Organi su un chip: unirsi alla rivoluzione della medicina

26/09/2021

Vincitore nel 2020 di una borsa di studio della Fondazione Dompé, Davide Carta sta svolgendo un dottorato di ricerca in Ingegneria Medica presso la Queen Mary University of London. L'obiettivo della sua ricerca è quello di individure nuove terapie per il trattamento delle patologie invalidanti della retina utilizzando la tecnologia degli organi su un chip. Desideroso di guidare un team di ricerca e sviluppo specializzato nella medicina rigenerativa, Davide sogna un giorno di poter avere un ruolo di primo piano nella rivoluzione medica. Ecco la nostra intervista.

Ci racconti un po' di te?

Sono Davide, ho 26 anni e ho da poco concluso la laurea magistrale in Ingegneria Biomedica e in Bioingegneria e Nanosistemi presso il Politecnico di Milano e l’Instituto Superior Técnico di Lisbona. Ho scelto questo percorso principalmente perché mi attirava la figura dell’ingegnere: me lo immaginavo come un problem solver. L’Ingegneria Biomedica mi ha aiutato ad applicare questa competenza all’essere umano, uno dei sistemi più complessi che conosciamo e, quindi, uno dei più affascinanti. Ho da poco intrapreso un Dottorato di ricerca in Ingegneria Medica alla Queen Mary University di Londra.

Perché hai scelto di intraprendere questo PhD?

Il mondo della ricerca non è sempre stato la mia passione, almeno finché non ho iniziato a studiare per la tesi magistrale. Durante quel periodo, ho prodotto dispositivi rapidi diagnostici per diagnosticare delle infezioni batteriche ospedaliere. Quello studio aveva un duplice obiettivo: limitare la diffusione delle infezioni e velocizzarne la diagnosi. È stato molto appassionante dedicarmi a qualcosa che avesse lo scopo di migliorare la qualità di vita del paziente e proteggere la comunità. Ho quindi cercato nel mio dottorato qualcosa con una finalità simile. Per me la ricerca è sempre stata sinonimo di scoperta, curiosità, impatto concreto sulla società.

Qual è l'oggetto della tua attività di ricerca?

Il punto focale è la vista, una della capacità umane più complesse ed essenziali: perderla, riduce drasticamente la qualità della vita del paziente.
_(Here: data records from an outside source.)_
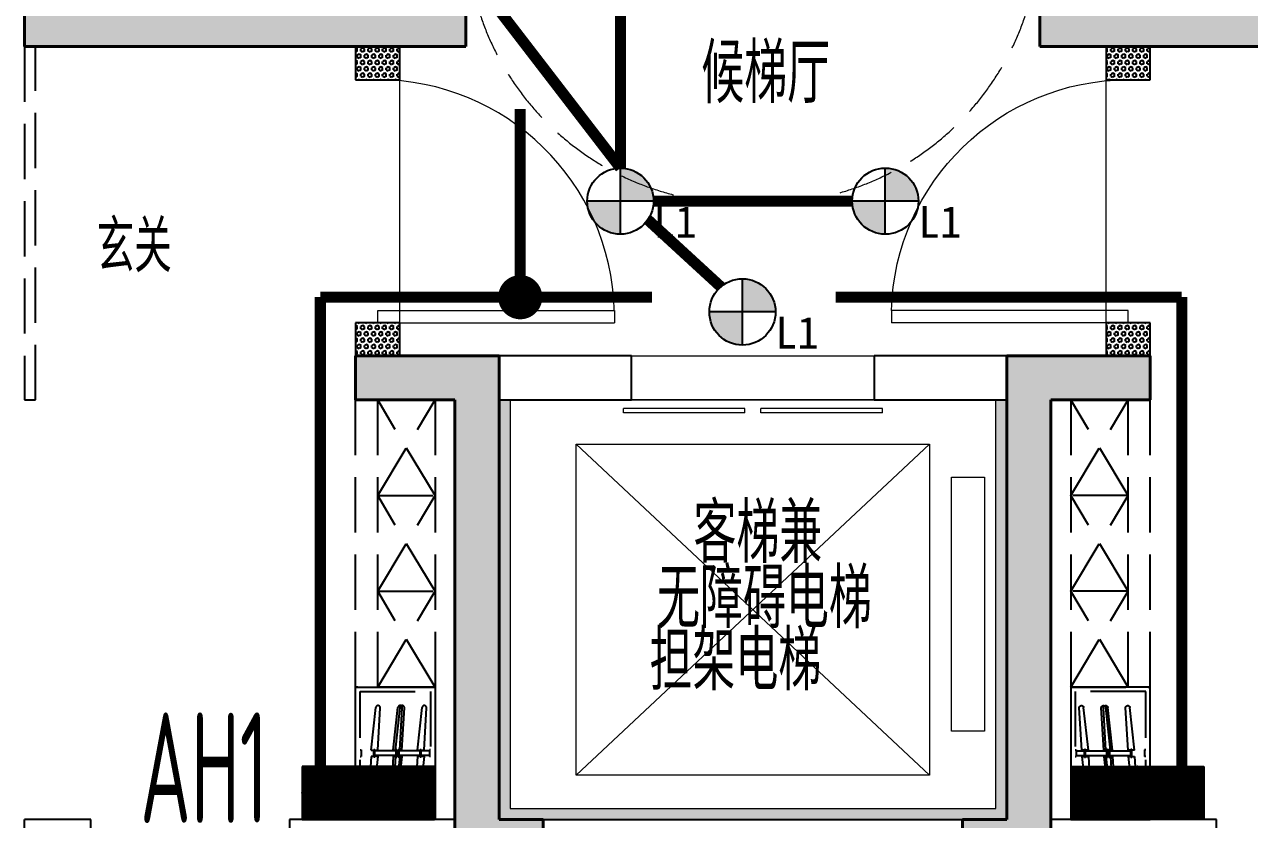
# Model space of a CAD drawing. Extents: x 3753737 to 4713801, y -857380 to 24339.
# Drawn here: x 4478448 to 4483999, y -763546 to -759946 of the extents above; entities that cross this region are included whole.
import ezdxf
from ezdxf.enums import TextEntityAlignment as Align

# ---------------------------------------------------------------- set-up
doc = ezdxf.new("R2010")
doc.units = 0
doc.header["$LTSCALE"] = 1000
doc.header["$MEASUREMENT"] = 0
doc.linetypes.add('A户型$0$DASH', pattern=[0.35, 0.25, -0.1])
doc.linetypes.add('DASH', pattern=[0.35, 0.25, -0.1])
doc.layers.get('0').update_dxf_attribs({"linetype": 'CONTINUOUS'})
for name, color, linetype in [('!!电气', 1, 'CONTINUOUS'), ('5fur', 175, 'CONTINUOUS'), ('A-标注', 1, 'CONTINUOUS'), ('DIM-照明', 7, 'CONTINUOUS'), ('E-天花灯具', 92, 'CONTINUOUS'), ('EQUIP-照明', 3, 'CONTINUOUS'), ('EQUIP-箱柜', 3, 'CONTINUOUS'), ('TEL_TEXT', 7, 'CONTINUOUS'), ('WALL', 252, 'CONTINUOUS'), ('WIRE-动力', 7, 'CONTINUOUS'), ('WIRE-插座', 2, 'CONTINUOUS'), ('WIRE-照明', 2, 'CONTINUOUS'), ('保温', 6, 'CONTINUOUS')]:
    doc.layers.add(name, color=color, linetype=linetype)
for name, color, linetype, lineweight in [('3.5方案汇报，与郭总、侯月琴确定户型_t8$0$STAIR', 2, 'CONTINUOUS', 18), ('COLUMN', 252, 'CONTINUOUS', 40), ('PUB_HATCH', 8, 'CONTINUOUS', 9), ('PUB_TEXT', 7, 'CONTINUOUS', 20), ('STAIR', 252, 'CONTINUOUS', 20), ('WINDOW', 146, 'CONTINUOUS', 20), ('填充', 251, 'CONTINUOUS', 5)]:
    doc.layers.add(name, color=color, linetype=linetype, lineweight=lineweight)
doc.styles.add('_TCH_LABEL', font='COMPLEX', dxfattribs={"bigfont": 'GBCBIG'})
doc.styles.add('_TEL_DIM', font='SIMPLEX', dxfattribs={"width": 0.8, "height": 3.5, "bigfont": 'HZTXT'})
doc.styles.get("Standard").update_dxf_attribs({"font": 'gbenor.shx', "bigfont": 'gbcbig.shx'})
doc.styles.add('黑体', font='simhei.ttf')
pattern_1 = [(90, (0, 0), (-16.49778, 1e-15), [9.525, -19.05]), (210, (0, 0), (8.24889, -14.2874966), [9.525, -19.05]), (150, (6e-16, 9.525), (-8.24889, -14.2874966), [9.525, -19.05])]

# ---------------------------------------------------------------- blocks, each defined once
blk = doc.blocks.new('GFDGFSDFGD')
at = {"layer": 'PUB_HATCH'}
for points in [[(429816.4, 372423.2), (429816.6, 372224), (431816.6, 372224), (431816.6, 372724), (431616.6, 372724), (431616.6, 372424), (430016.6, 372424)], [(436416.8, 372423.2), (436216.6, 372424), (434616.6, 372424), (434616.6, 372724), (434416.6, 372724), (434416.6, 372224), (436416.6, 372224)], [(431966.6, 370823.7), (431316.6, 370823.7), (431316.6, 370623.7), (431766.6, 370623.7), (431766.6, 368523.7), (432166.6, 368523.7), (432166.6, 368723.7), (431966.6, 368723.7)], [(434266.6, 370823.7), (434266.6, 368723.7), (434066.6, 368723.7), (434066.6, 368523.7), (434466.6, 368523.7), (434466.6, 370623.7), (434916.6, 370623.7), (434916.6, 370823.7)]]:
    blk.add_hatch(color=256, dxfattribs=at).paths.add_polyline_path(points)
at = {"layer": 'COLUMN', "color": 252}
for p, q in [((431816.6, 372224), (431816.6, 372724)), ((434416.6, 372724), (434416.6, 372224)), ((429816.4, 372423.2), (429816.6, 372224)), ((429816.6, 372224), (431816.6, 372224)), ((434416.6, 372224), (436416.6, 372224)), ((431966.6, 370823.7), (431316.6, 370823.7)), ((431316.6, 370823.7), (431316.6, 370623.7)), ((431966.6, 368723.7), (431966.6, 370823.7)), ((434266.6, 370823.7), (434266.6, 368723.7)), ((434916.6, 370823.7), (434266.6, 370823.7)), ((434916.6, 370623.7), (434916.6, 370823.7)), ((431316.6, 370623.7), (431766.6, 370623.7)), ((431766.6, 370623.7), (431766.6, 368523.7)), ((434466.6, 368523.7), (434466.6, 370623.7)), ((434466.6, 370623.7), (434916.6, 370623.7)), ((432166.6, 368723.7), (431966.6, 368723.7)), ((432166.6, 368523.7), (432166.6, 368723.7)), ((434266.6, 368723.7), (434066.6, 368723.7)), ((434066.6, 368723.7), (434066.6, 368523.7))]:
    blk.add_line(p, q, dxfattribs=at)
blk = doc.blocks.new('GDFGDGRD')
at = {"layer": '保温', "linetype": 'Continuous', "ltscale": 10}
h = blk.add_hatch(dxfattribs=at)
h.set_pattern_fill('HEX', color=251, scale=10, angle=90, style=0)
h.set_pattern_definition(pattern_1)
h.paths.add_polyline_path([(431316.6, 372073.7), (431516.6, 372073.7), (431516.7, 372223.7), (431316.7, 372223.7)])
h = blk.add_hatch(dxfattribs=at)
h.set_pattern_fill('HEX', color=251, scale=10, angle=90, style=0)
h.set_pattern_definition(pattern_1)
h.paths.add_polyline_path([(434916.6, 372073.7), (434716.6, 372073.7), (434716.5, 372223.7), (434916.5, 372223.7)])
h = blk.add_hatch(dxfattribs=at)
h.set_pattern_fill('HEX', color=251, scale=10, angle=90, style=0)
h.set_pattern_definition(pattern_1)
h.paths.add_polyline_path([(431316.6, 370823.7), (431516.6, 370823.7), (431516.7, 370973.7), (431316.7, 370973.7)])
h = blk.add_hatch(dxfattribs=at)
h.set_pattern_fill('HEX', color=251, scale=10, angle=90, style=0)
h.set_pattern_definition(pattern_1)
h.paths.add_polyline_path([(434916.6, 370823.7), (434716.6, 370823.7), (434716.5, 370973.7), (434916.5, 370973.7)])
blk = doc.blocks.new('FGDGDGRDGRRD')
at = {"color": 252}
for p, q in [((430034.8, 366458.3), (430034.8, 367058.3)), ((430034.8, 367058.3), (430394.6, 367058.3)), ((430034.8, 366458.3), (430034.8, 367058.3)), ((430034.8, 367058.3), (430394.6, 367058.3)), ((430394.6, 367058.3), (430394.6, 366458.3)), ((430394.6, 367058.3), (430394.6, 367058.3)), ((430394.6, 367058.3), (430394.6, 366458.3)), ((430394.6, 367058.3), (430394.6, 367058.3)), ((430394.6, 366458.3), (430034.8, 366458.3)), ((430394.6, 366458.3), (430034.8, 366458.3))]:
    blk.add_line(p, q, dxfattribs=at)
at = {"layer": '5fur', "color": 252, "linetype": 'A户型$0$DASH'}
for p, q in [((428585, 369958.6), (428534.8, 369958.6)), ((428534.8, 369958.6), (428534.8, 368358.3)), ((428585, 369958.6), (428534.8, 369958.6)), ((428534.8, 369958.6), (428534.8, 368358.3)), ((428585, 368358.3), (428585, 369958.6)), ((428585, 368358.3), (428585, 369958.6)), ((428534.8, 368358.3), (428585, 368358.3)), ((428534.8, 368358.3), (428585, 368358.3)), ((430034.8, 368358.3), (430394.6, 368358.3)), ((430034.8, 367058.3), (430034.8, 368358.3)), ((430034.8, 368358.3), (430394.6, 368358.3)), ((430034.8, 367058.3), (430034.8, 368358.3)), ((430134.8, 368358.3), (430394.6, 368358.3)), ((430134.8, 367058.3), (430134.8, 368358.3)), ((430134.8, 367925), (430394.6, 368358.3)), ((430394.6, 367925), (430134.8, 368358.3)), ((430134.8, 368358.3), (430394.6, 368358.3)), ((430134.8, 367058.3), (430134.8, 368358.3)), ((430134.8, 367925), (430394.6, 368358.3)), ((430394.6, 367925), (430134.8, 368358.3)), ((430394.6, 368358.3), (430394.6, 367058.3)), ((430394.6, 368358.3), (430394.6, 367058.3)), ((430394.6, 368358.3), (430394.6, 367058.3)), ((430394.6, 368358.3), (430394.6, 367058.3)), ((430134.8, 367925), (430394.6, 367925)), ((430394.6, 367491.7), (430134.8, 367925)), ((430134.8, 367491.7), (430394.6, 367925)), ((430134.8, 367925), (430394.6, 367925)), ((430394.6, 367491.7), (430134.8, 367925)), ((430134.8, 367491.7), (430394.6, 367925)), ((430134.8, 367491.7), (430394.6, 367491.7)), ((430134.8, 367058.3), (430394.6, 367491.7)), ((430394.6, 367058.3), (430134.8, 367491.7)), ((430134.8, 367491.7), (430394.6, 367491.7)), ((430134.8, 367058.3), (430394.6, 367491.7)), ((430394.6, 367058.3), (430134.8, 367491.7)), ((430394.6, 367058.3), (430034.8, 367058.3)), ((430394.6, 367058.3), (430034.8, 367058.3)), ((430034.8, 366458.3), (430034.8, 367058.3)), ((430034.8, 367058.3), (430394.6, 367058.3)), ((430034.8, 366458.3), (430034.8, 367058.3)), ((430034.8, 367058.3), (430394.6, 367058.3)), ((430054.8, 366478.3), (430054.8, 367038.3)), ((430054.8, 367038.3), (430374.6, 367038.3)), ((430054.8, 366478.3), (430054.8, 367038.3)), ((430054.8, 367038.3), (430374.6, 367038.3)), ((430394.6, 367058.3), (430134.8, 367058.3)), ((430394.6, 367058.3), (430134.8, 367058.3)), ((430374.6, 367038.3), (430374.6, 366478.3)), ((430374.6, 367038.3), (430374.6, 366478.3)), ((430394.6, 367058.3), (430394.6, 366458.3)), ((430394.6, 367058.3), (430394.6, 366458.3)), ((430105.1, 366772.6), (430126.4, 366965.3)), ((430105.1, 366772.6), (430126.4, 366965.3)), ((430135.1, 366772.6), (430146.4, 366963.8)), ((430135.1, 366772.6), (430146.4, 366963.8)), ((430205.1, 366772.6), (430226.4, 366965.3)), ((430205.1, 366772.6), (430226.4, 366965.3)), ((430214.9, 366772.6), (430236.2, 366965.3)), ((430214.9, 366772.6), (430236.2, 366965.3)), ((430235.1, 366772.6), (430246.4, 366963.8)), ((430235.1, 366772.6), (430246.4, 366963.8)), ((430244.9, 366772.6), (430256.2, 366963.8)), ((430244.9, 366772.6), (430256.2, 366963.8)), ((430314.9, 366772.6), (430336.2, 366965.3)), ((430314.9, 366772.6), (430336.2, 366965.3)), ((430344.9, 366772.6), (430356.2, 366963.8)), ((430344.9, 366772.6), (430356.2, 366963.8)), ((430054.8, 366773.6), (430059.8, 366773.6)), ((430054.8, 366773.6), (430059.8, 366773.6)), ((430059.8, 366773.6), (430059.8, 366743.1)), ((430059.8, 366773.6), (430059.8, 366743.1)), ((430369.6, 366768.6), (430059.8, 366768.6)), ((430369.6, 366768.6), (430059.8, 366768.6)), ((430105.1, 366772.6), (430118.1, 366772.6)), ((430105.1, 366772.6), (430118.1, 366772.6)), ((430118.1, 366775.6), (430122.1, 366775.6)), ((430118.1, 366741), (430118.1, 366775.6)), ((430118.1, 366775.6), (430122.1, 366775.6)), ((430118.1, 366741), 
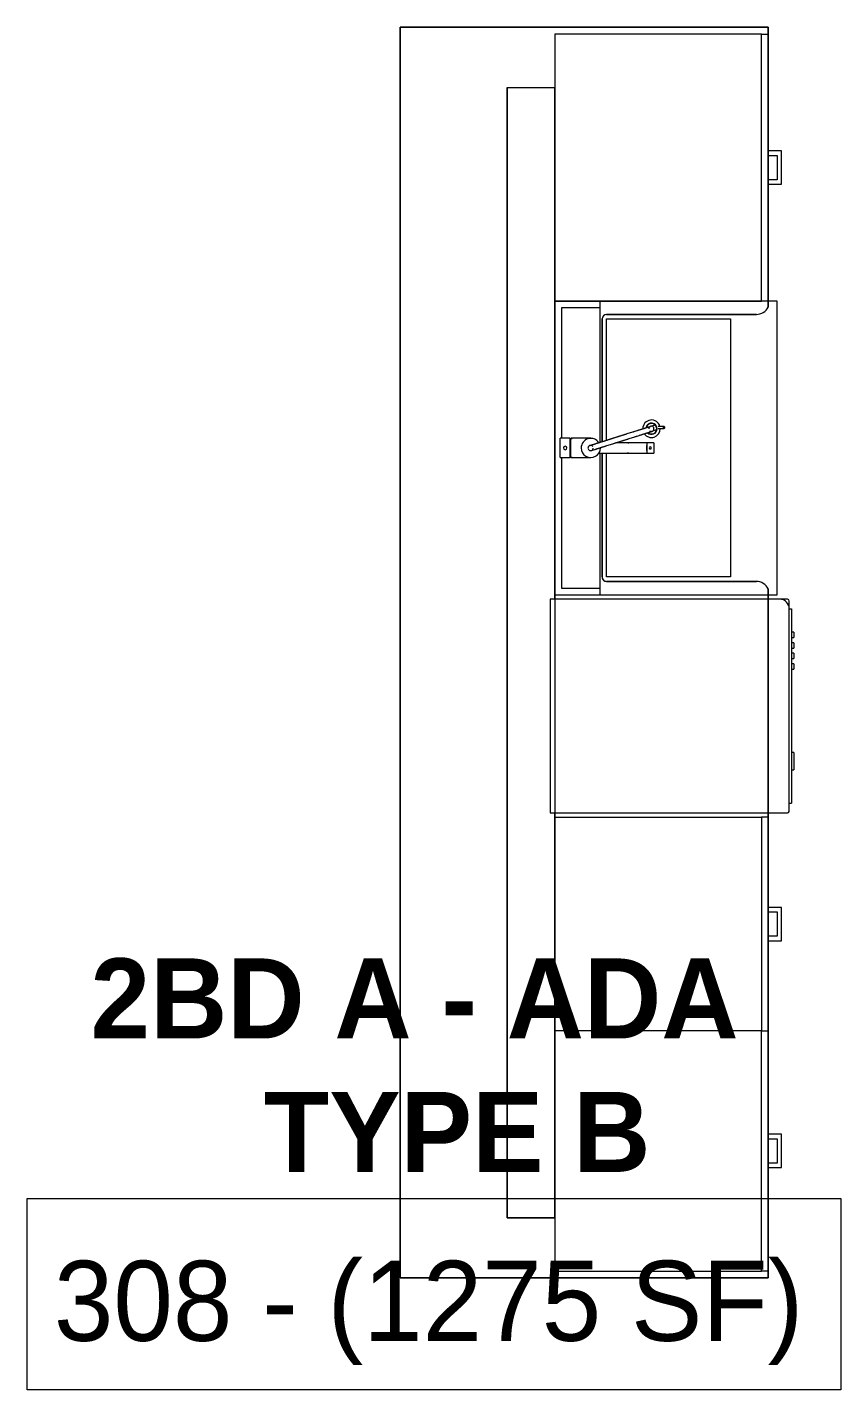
# Model space of a CAD drawing. Header units: inches. Extents: x -4218 to -1830, y 9767 to 12426.
# Drawn here: x -3672.8 to -3581.3, y 11920.6 to 12073.7 of the extents above; entities that cross this region are included whole.
import ezdxf

# ---------------------------------------------------------------- set-up
doc = ezdxf.new("R2010")
doc.units = ezdxf.units.IN
doc.header["$MEASUREMENT"] = 0
for name, color, linetype, lineweight in [('0-1', 7, 'Continuous', 5), ('0-2', 253, 'Continuous', 9), ('A-AREA-IDEN', 2, 'Continuous', 9), ('A-WALL-3', 254, 'Continuous', 9), ('A-WALL-4', 253, 'Continuous', 9), ('A-WALL-5', 252, 'Continuous', 9), ('A-WALL-8', 113, 'Continuous', 9), ('P-SANR-FIXT-1', 7, 'Continuous', 9), ('P-SANR-FIXT-3', 252, 'Continuous', 9), ('Q-CASE-1', 252, 'Continuous', 9), ('Q-CASE-2', 7, 'Continuous', 9), ('Q-CASE-3', 253, 'Continuous', 9), ('Q-CASE-5', 254, 'Continuous', 9), ('Q-SPCQ-1', 7, 'Continuous', 9), ('Q-SPCQ-2', 253, 'Continuous', 9), ('Q-SPCQ-3', 252, 'Continuous', 9)]:
    doc.layers.add(name, color=color, linetype=linetype, lineweight=lineweight)
doc.styles.add('Century Gothic', font='ufonts.com_century-gothic.ttf', dxfattribs={"height": 9})
doc.styles.add('Century Gothic_B', font='GOTHICB.TTF', dxfattribs={"height": 9})

# ---------------------------------------------------------------- blocks, each defined once
blk = doc.blocks.new('Dishwasher_15404 - 34_ counter-V11-BACKGROUND - 3RD FLOOR')
at = {"layer": 'Q-SPCQ-1'}
for p, q in [((25.8, 24), (24.5, 24)), ((26.68, 24), (25.8, 24)), ((26.87, 22.93), (26.87, 23.8)), ((26.87, 0.2), (26.87, 22.93)), ((26.87, 22.91), (27.12, 22.91)), ((27.12, 22.91), (27.12, 1.09)), ((27.37, 20.28), (27.12, 20.28)), ((27.37, 20.28), (27.37, 19.69)), ((27.12, 19.69), (27.37, 19.69)), ((27.37, 19.1), (27.12, 19.1)), ((27.12, 18.51), (27.37, 18.51)), ((27.37, 19.1), (27.37, 18.51)), ((27.37, 17.92), (27.12, 17.92)), ((27.12, 17.33), (27.37, 17.33)), ((27.37, 17.92), (27.37, 17.33)), ((27.37, 16.74), (27.12, 16.74)), ((27.12, 16.15), (27.37, 16.15)), ((27.37, 16.74), (27.37, 16.15)), ((27.37, 6.79), (27.12, 6.79)), ((27.37, 6.79), (27.37, 5.81)), ((27.12, 4.82), (27.37, 4.82)), ((27.37, 5.81), (27.37, 4.82)), ((26.87, 1.09), (27.12, 1.09)), ((24.5, 0), (26.68, 0))]:
    blk.add_line(p, q, dxfattribs=at)
for centre, radius, start, end in [((25.8, 22.93), 1.07, 360, 90), ((26.68, 23.8), 0.197, 0, 90), ((26.68, 0.2), 0.197, 270, 360), ((26.68, 0.2), 0.197, 270, 345)]:
    blk.add_arc(centre, radius, start, end, dxfattribs=at)
at = {"layer": 'Q-SPCQ-2'}
for p, q in [((0, 24), (0, 0)), ((0.5, 24), (0, 24)), ((0, 0), (0.5, 0))]:
    blk.add_line(p, q, dxfattribs=at)
at = {"layer": 'Q-SPCQ-3'}
for p, q in [((24.5, 24), (0.5, 24)), ((0.5, 0), (24.5, 0))]:
    blk.add_line(p, q, dxfattribs=at)
blk = doc.blocks.new('Vanity Cabinet-Double Door - 33_-V12-BACKGROUND - 3RD FLOOR')
at = {"layer": 'Q-CASE-1'}
for p, q in [((-15.76, 5.06), (-15.76, 0)), ((-15.76, 5.06), (-15.76, 0)), ((-15.01, 5.06), (-15.01, 0.75)), ((16.49, 0.75), (16.49, 5.06)), ((17.24, 0), (17.24, 5.06)), ((17.24, 0), (17.24, 5.06)), ((-15.01, 0.75), (-0.34, 0.75)), ((1.82, 0.75), (16.49, 0.75))]:
    blk.add_line(p, q, dxfattribs=at)
at = {"layer": 'Q-CASE-3'}
blk.add_line((-15.76, 0), (17.24, 0), dxfattribs=at)
blk.add_line((-15.76, 0), (17.24, 0), dxfattribs=at)
at = {"layer": 'Q-CASE-5'}
blk.add_line((-15.76, 0), (17.24, 0), dxfattribs=at)
blk = doc.blocks.new('Base Cabinet 3 Drawer 230 - Base Cabinet 3 Drawer 230 30_-2574837-BACKGROUND - 3RD FLOOR')
at = {"layer": 'Q-CASE-1'}
for p, q in [((-14.26, 24), (15.74, 24)), ((-14.26, 23.25), (-14.26, 24)), ((15.74, 23.25), (-14.26, 23.25)), ((-14.26, 23.25), (-14.26, 0)), ((-0.64, 24), (-1.14, 24)), ((2.11, 24), (2.61, 24)), ((15.74, 24), (15.74, 23.25)), ((15.74, 0), (15.74, 23.25)), ((-14.26, 0), (15.74, 0))]:
    blk.add_line(p, q, dxfattribs=at)
at = {"layer": 'Q-CASE-2'}
for p, q in [((2.61, 25.5), (-1.14, 25.5)), ((-1.14, 25.5), (-1.14, 24)), ((-0.64, 24), (-0.64, 25)), ((-0.64, 25), (2.11, 25)), ((2.11, 25), (2.11, 24)), ((2.61, 24), (2.61, 25.5))]:
    blk.add_line(p, q, dxfattribs=at)
at = {"layer": 'Q-CASE-3'}
for p, q in [((-0.64, 24), (-1.14, 24)), ((2.11, 24), (2.61, 24))]:
    blk.add_line(p, q, dxfattribs=at)
at = {"layer": 'Q-CASE-5'}
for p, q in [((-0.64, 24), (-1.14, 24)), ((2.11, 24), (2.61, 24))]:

L’obiettivo del mio dottorato è scoprire quali sono le caratteristiche delle patologie invalidanti della retina e fare un passo avanti verso la loro risoluzione. In parole povere, mi occuperò di creare un modello cellulare, ovvero di riprodurre in provetta alcune componenti dell’occhio. Userò poi questo modello per studiare il decorso della patologia e produrre test farmacologici con lo scopo di validare nuove medicine.

Cosa ti affascina di questo ambito di ricerca?

Innanzitutto, il carattere estremamente innovativo dei topic toccati, tra cui la Medicina Rigenerativa e gli Organs on a chip. In breve, questi si occupano di creare modelli su scala ridotta in dispostivi che occupano il palmo di una mano. Essendo poi un ambito di ricerca poco esplorato, il ricercatore ha ampio spazio per esprimere la propria creatività, dimostrare le sue competenze e individuare l’ambito di ricerca più profittevole. Inoltre, mi affascina la multidisciplinarietà che richiede questa ricerca: dalla biologia alla micro-fabbricazione.

Cosa vuoi fare "da grande"?

Parafrasando le parole di un noto pacifista, vorrei essere quel cambiamento che desidero vedere nel mondo. Per questo, mi piacerebbe gestire un team di Ricerca e Sviluppo proprio nella Medicina Rigenerativa, che sta innescando una rivoluzione in ambito medico a cui vorrei partecipare. Mi affascina anche molto l’ambito didattico, quindi l’idea di contribuire alla formazione degli scienziati del domani. Il mio sogno sarebbe coniugare entrambe le cose.